**PROBLEM TO WORK ON**
Lines in the entries below where the word "SUBTRACT" shows up should each be copied.

Saved data entries:
=-=-=-=-=

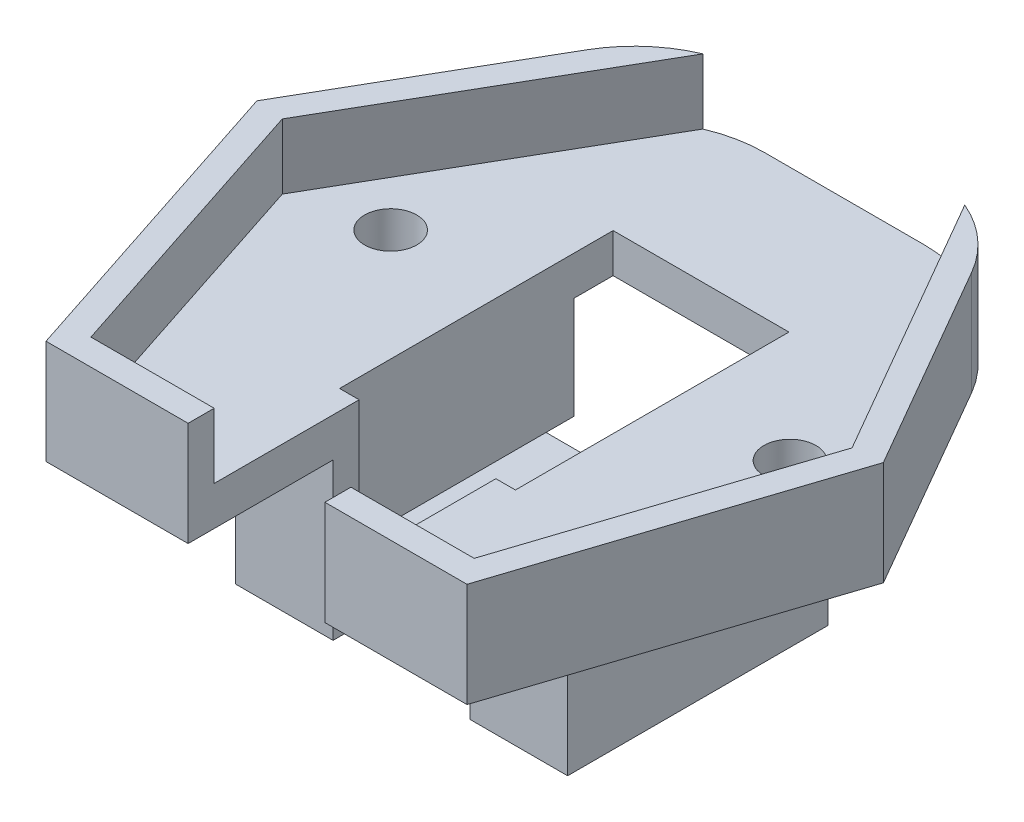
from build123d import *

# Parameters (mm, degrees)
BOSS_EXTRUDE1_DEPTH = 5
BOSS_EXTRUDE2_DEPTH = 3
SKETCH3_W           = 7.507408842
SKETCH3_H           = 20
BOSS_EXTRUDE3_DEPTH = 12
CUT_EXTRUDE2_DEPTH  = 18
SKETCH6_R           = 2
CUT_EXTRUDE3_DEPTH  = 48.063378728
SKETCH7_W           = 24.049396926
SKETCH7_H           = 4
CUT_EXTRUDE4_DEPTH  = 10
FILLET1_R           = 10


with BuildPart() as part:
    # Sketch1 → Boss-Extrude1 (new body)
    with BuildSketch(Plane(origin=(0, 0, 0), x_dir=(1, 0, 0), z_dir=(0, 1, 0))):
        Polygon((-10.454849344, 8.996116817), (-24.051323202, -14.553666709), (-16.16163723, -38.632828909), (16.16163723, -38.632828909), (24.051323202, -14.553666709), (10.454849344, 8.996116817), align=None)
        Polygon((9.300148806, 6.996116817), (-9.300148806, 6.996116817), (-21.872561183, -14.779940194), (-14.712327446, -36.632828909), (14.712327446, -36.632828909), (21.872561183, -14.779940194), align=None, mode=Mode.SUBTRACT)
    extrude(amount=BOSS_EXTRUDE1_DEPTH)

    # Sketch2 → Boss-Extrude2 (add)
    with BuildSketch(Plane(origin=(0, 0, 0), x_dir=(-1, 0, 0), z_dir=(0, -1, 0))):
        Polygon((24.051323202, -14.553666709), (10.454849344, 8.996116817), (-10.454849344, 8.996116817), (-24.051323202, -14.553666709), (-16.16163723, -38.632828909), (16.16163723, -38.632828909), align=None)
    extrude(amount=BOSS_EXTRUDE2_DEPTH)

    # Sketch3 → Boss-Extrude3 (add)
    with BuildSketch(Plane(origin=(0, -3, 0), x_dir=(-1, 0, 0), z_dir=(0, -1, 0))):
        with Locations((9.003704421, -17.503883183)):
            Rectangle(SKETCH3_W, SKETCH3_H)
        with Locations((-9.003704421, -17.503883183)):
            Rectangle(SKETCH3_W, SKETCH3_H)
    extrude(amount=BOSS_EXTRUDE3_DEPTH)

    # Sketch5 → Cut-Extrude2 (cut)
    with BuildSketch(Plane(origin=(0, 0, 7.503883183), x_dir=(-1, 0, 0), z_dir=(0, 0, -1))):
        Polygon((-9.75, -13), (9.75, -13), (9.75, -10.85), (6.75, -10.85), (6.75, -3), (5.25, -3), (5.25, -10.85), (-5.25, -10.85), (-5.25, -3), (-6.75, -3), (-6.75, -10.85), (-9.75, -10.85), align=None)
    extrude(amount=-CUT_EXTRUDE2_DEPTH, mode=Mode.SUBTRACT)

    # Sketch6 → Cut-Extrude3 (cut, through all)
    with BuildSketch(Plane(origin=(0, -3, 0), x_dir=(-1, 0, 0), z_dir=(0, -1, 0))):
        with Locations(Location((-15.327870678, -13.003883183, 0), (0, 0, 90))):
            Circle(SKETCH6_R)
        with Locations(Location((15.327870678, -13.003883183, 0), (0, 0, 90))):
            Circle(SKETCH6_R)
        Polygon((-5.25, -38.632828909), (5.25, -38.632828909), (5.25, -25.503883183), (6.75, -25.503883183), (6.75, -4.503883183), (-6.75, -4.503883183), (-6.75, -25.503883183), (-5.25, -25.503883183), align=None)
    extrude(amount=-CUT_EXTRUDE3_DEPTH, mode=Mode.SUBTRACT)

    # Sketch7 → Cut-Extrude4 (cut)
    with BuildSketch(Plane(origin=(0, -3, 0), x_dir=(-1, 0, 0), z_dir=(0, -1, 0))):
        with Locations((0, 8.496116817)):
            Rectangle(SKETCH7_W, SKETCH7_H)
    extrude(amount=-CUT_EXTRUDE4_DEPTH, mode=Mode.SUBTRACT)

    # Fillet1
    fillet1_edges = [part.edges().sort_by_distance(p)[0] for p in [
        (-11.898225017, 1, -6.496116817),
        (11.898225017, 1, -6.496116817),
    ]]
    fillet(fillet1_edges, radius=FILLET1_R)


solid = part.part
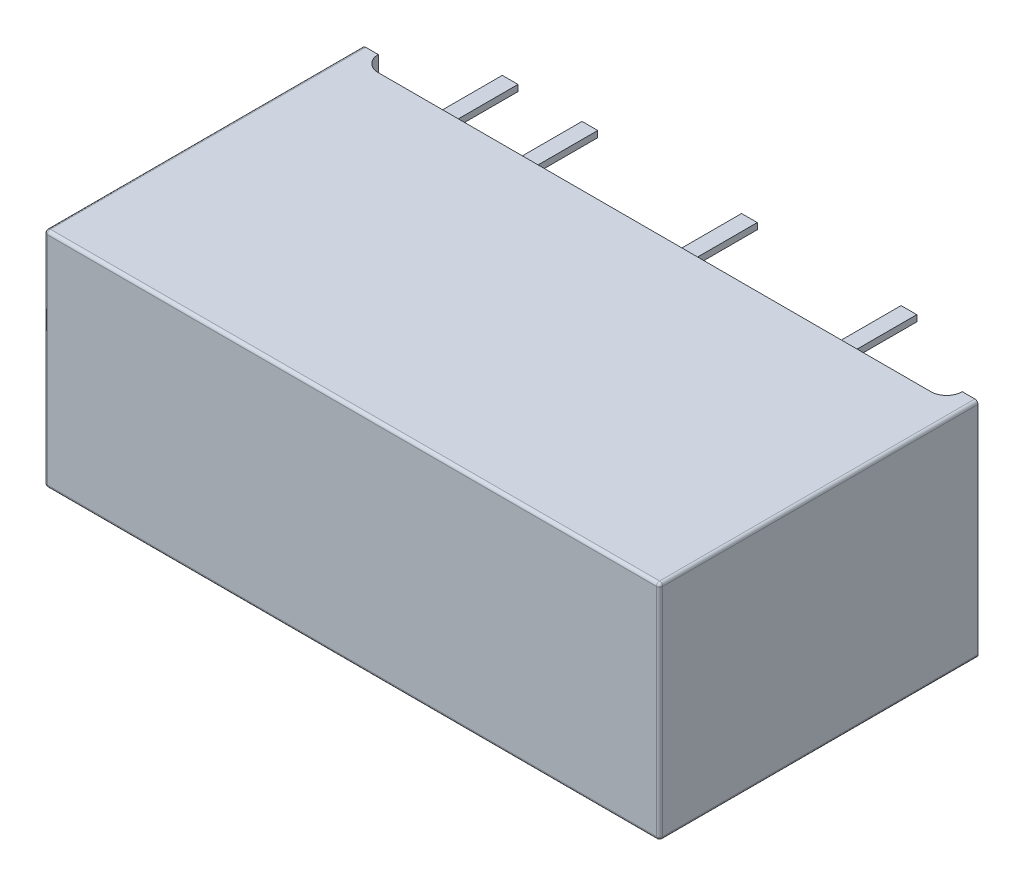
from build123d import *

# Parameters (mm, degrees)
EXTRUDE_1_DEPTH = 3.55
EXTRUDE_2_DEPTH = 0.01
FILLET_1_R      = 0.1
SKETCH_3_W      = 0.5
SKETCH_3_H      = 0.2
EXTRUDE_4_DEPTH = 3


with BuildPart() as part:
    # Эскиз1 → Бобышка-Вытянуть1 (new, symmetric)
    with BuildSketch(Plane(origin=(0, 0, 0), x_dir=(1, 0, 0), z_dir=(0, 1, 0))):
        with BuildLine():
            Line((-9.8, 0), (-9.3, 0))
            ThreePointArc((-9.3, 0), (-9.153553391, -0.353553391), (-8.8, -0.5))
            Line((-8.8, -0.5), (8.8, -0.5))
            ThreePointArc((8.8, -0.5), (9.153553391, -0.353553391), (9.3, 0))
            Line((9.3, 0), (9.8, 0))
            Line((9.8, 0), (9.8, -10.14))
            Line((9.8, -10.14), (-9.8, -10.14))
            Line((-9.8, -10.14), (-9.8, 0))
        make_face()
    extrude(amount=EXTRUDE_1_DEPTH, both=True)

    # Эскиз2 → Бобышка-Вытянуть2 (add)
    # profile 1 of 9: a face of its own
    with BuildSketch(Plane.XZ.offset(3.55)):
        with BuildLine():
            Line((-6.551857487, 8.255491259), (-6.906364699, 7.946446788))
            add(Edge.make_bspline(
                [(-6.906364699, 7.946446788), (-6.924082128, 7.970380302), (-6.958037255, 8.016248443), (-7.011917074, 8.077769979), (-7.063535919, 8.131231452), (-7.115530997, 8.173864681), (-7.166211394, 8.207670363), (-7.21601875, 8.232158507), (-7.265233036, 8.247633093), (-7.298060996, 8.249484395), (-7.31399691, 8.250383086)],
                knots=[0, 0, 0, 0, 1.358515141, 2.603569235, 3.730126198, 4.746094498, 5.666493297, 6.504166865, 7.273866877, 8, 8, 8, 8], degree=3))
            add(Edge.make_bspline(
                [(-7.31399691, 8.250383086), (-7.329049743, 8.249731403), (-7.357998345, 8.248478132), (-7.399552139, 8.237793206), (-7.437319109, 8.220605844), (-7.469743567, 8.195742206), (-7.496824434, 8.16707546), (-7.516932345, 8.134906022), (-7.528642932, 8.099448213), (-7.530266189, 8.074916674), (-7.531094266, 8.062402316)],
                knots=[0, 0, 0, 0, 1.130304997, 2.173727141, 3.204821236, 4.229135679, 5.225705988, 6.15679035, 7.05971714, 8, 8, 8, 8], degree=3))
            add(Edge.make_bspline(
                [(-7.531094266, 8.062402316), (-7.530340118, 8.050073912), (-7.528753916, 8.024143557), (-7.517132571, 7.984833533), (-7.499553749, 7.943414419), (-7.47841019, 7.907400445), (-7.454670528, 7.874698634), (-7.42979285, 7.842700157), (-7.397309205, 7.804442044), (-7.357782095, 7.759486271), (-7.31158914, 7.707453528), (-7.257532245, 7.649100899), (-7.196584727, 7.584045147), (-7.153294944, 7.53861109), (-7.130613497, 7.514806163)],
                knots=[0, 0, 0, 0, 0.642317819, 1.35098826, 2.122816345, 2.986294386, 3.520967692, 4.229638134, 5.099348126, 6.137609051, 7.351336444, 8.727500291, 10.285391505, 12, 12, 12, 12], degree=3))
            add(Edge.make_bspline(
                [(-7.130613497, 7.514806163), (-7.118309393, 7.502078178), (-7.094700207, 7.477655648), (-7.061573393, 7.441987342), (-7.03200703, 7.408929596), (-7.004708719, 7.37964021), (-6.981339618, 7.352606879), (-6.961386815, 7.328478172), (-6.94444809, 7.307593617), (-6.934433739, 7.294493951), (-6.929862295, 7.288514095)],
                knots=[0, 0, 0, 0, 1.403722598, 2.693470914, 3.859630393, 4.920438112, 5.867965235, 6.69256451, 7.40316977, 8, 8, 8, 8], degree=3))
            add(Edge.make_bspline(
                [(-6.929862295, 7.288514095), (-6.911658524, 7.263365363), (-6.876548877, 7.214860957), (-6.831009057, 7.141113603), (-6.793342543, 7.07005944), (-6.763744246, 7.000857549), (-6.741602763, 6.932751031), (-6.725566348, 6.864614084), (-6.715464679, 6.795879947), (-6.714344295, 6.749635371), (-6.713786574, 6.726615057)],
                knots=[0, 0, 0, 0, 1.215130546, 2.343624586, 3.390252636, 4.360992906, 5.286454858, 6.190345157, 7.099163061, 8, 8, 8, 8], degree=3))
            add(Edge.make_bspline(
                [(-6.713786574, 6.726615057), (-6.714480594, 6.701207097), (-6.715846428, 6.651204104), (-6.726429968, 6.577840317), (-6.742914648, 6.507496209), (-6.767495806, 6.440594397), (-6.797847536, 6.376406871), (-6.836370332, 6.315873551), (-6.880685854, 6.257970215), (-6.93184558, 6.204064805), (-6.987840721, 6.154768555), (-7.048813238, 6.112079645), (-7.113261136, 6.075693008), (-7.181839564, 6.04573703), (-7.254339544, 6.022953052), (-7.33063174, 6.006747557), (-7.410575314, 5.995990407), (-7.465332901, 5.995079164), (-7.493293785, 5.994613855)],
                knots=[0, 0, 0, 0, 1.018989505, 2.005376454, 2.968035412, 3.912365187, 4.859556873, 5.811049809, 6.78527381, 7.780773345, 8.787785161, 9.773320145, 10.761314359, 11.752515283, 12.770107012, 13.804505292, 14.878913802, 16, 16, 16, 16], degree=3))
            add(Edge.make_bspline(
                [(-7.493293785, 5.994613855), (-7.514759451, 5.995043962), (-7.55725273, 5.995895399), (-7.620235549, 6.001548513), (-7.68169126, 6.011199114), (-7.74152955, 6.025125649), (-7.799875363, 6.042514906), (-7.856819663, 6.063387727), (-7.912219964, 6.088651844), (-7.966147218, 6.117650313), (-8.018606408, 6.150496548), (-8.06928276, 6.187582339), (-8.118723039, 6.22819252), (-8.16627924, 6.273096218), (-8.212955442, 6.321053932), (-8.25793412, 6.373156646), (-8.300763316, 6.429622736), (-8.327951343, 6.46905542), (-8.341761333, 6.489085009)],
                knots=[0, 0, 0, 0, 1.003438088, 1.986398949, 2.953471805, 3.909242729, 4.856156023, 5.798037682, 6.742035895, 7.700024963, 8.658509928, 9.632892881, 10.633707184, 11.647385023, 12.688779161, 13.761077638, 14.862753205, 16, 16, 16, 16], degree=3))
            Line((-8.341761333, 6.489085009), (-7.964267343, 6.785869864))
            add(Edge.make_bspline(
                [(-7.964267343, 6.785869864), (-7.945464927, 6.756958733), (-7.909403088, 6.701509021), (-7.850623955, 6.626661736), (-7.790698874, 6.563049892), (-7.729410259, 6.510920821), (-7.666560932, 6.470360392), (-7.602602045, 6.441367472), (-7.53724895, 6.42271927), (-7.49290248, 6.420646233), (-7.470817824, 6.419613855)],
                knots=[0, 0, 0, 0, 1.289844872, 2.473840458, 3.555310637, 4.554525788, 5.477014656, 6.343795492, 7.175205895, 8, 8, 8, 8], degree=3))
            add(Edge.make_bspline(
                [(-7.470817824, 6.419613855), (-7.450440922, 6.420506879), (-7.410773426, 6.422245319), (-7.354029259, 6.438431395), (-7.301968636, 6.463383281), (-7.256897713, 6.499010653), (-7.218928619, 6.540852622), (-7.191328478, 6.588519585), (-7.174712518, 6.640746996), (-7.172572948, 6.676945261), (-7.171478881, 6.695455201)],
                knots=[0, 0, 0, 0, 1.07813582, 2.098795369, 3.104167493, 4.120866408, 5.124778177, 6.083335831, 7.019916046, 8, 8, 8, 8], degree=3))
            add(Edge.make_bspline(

=-=-=-=-=

**RESPONSE TO THIS EXERCISE**
        Polygon((9.300148806, 6.996116817), (-9.300148806, 6.996116817), (-21.872561183, -14.779940194), (-14.712327446, -36.632828909), (14.712327446, -36.632828909), (21.872561183, -14.779940194), align=None, mode=Mode.SUBTRACT)
    extrude(amount=-CUT_EXTRUDE2_DEPTH, mode=Mode.SUBTRACT)
    extrude(amount=-CUT_EXTRUDE3_DEPTH, mode=Mode.SUBTRACT)
    extrude(amount=-CUT_EXTRUDE4_DEPTH, mode=Mode.SUBTRACT)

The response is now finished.